# 10 hilarious anti-Microsoft quotes



## soumya (Sep 7, 2008)

*www.crystalxp.net/galerie/img/th_26.jpg

Love or hate Microsoft, these 10 quotes would make both a fan and a hater laugh their heart out. These are so funny and well thought out. I had a good laugh after reading them and I bet you would too!

My friend, Ashish, showed me these hilarious anti-Microsoft quotes from BOARD OF WISDOM 


I picked up 10 quotes from there and here they are :-

_
1) People say that if you play Microsoft CD's backwards, you hear satanic things, but that's nothing, because if you play them forwards, they install Windows.


2) The box said 'Requires Windows 95 or better'. So I installed LINUX.


3) In a world without fences and walls, who needs Gates and Windows?


4) Microsoft: "You've got questions. We've got dancing paperclips."


5) MICROSOFT = Most Intelligent Customers Realize Our Software Only Fools Teenagers


6) Windows has detected you do not have a keyboard. Press 'F9" to continue.


7) Use The Best...
Linux for Servers
Mac for Graphics
Palm for Mobility
Windows for Solitaire


8 ) Software is like sex: It's better when it's free.

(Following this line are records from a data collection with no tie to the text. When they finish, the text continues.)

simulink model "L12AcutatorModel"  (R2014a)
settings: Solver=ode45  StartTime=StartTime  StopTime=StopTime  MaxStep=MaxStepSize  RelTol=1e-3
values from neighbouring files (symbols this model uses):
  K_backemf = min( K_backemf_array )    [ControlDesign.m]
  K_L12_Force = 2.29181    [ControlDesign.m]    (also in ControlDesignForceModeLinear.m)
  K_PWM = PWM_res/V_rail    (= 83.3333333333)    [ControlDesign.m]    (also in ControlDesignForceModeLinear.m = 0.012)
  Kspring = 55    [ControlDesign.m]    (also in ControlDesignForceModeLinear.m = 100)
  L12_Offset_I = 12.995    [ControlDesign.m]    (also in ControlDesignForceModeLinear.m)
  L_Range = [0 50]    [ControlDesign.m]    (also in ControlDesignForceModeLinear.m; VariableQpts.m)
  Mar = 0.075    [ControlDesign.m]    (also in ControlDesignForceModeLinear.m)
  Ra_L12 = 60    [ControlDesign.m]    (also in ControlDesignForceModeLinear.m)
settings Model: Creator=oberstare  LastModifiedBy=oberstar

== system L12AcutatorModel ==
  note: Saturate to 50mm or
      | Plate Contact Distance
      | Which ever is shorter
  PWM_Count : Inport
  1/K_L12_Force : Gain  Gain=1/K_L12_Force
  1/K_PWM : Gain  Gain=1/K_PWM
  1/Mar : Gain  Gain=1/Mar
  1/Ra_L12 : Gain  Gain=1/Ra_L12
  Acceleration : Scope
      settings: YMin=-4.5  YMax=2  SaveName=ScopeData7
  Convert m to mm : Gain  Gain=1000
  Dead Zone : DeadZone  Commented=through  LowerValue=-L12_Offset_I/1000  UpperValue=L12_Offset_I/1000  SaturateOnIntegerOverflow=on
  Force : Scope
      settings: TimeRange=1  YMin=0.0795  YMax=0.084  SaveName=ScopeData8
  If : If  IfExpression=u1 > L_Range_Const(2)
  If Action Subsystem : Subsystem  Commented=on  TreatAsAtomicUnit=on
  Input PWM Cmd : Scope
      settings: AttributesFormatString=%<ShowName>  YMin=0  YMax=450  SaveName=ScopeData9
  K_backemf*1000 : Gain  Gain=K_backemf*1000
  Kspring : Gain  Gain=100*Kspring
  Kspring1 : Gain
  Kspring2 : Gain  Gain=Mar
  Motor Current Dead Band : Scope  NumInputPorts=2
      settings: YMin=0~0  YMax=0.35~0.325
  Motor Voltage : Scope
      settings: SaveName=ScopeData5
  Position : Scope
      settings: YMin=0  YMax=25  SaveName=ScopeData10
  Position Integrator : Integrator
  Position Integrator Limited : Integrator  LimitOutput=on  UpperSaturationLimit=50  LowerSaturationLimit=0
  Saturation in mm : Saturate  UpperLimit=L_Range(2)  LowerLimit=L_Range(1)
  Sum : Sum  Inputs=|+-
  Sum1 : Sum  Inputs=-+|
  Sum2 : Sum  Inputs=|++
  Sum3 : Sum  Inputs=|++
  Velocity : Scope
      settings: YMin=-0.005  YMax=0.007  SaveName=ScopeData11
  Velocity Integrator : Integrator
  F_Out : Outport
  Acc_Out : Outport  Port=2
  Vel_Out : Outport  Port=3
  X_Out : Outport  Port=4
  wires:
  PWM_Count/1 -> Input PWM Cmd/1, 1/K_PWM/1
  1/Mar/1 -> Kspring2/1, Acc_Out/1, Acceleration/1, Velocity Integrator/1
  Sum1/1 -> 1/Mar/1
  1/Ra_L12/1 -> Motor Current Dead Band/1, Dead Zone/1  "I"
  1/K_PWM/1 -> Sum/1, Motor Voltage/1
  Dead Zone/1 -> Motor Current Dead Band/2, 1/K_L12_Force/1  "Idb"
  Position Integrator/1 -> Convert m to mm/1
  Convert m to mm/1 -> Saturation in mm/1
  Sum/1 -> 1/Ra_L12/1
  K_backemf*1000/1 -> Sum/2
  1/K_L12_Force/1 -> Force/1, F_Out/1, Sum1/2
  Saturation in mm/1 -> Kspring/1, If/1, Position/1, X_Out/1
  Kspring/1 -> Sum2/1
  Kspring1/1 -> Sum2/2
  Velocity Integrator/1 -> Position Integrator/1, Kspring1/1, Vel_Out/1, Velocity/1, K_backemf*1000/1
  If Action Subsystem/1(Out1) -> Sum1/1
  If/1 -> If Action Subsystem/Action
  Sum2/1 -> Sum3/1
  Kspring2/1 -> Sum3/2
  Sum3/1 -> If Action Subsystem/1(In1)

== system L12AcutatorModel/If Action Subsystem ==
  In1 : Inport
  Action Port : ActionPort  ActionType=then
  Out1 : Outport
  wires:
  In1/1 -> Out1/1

9) Unix, DOS and Windows...the good, the bad and the ugly.


10) ACs are like computers- Both work fine until you open Windows!_

Which is your favorite quote among these? Please let me know in the comments!

_<snip>_


----------



## Faun (Sep 7, 2008)

soumya said:


> _
> 
> 
> 5) MICROSOFT = Most Intelligent Customers Realize Our Software Only Fools Teenagers
> ...


lolz...its true


----------



## MetalheadGautham (Sep 7, 2008)

To be honest, I have seen better ones, though I can't remember any.


----------



## amrawtanshx (Sep 7, 2008)

> 2) The box said 'Requires Windows 95 or better'. So I installed LINUX.


----------



## dheeraj_kumar (Sep 7, 2008)

thanks! the site(board of wisdom) is really cool!


----------



## hellknight (Sep 7, 2008)

*"Software is like sex; its better when its free!* This was quoted by Linus Torvalds!


----------



## mkmkmk (Sep 7, 2008)

thanks for board of wisdom link


----------



## Vishal Patil (Sep 7, 2008)

Awesome!!!! My favourite ones are



> 5) MICROSOFT = Most Intelligent Customers Realize Our Software Only Fools Teenagers
> 10) ACs are like computers- Both work fine until you open Windows!


----------



## Garbage (Sep 7, 2008)

> 10) ACs are like computers- Both work fine until you open Windows!



LOL...


----------



## BBThumbHealer (Sep 7, 2008)

Hey ... Thnx for sharing ! these are cool...never heard of them before ! 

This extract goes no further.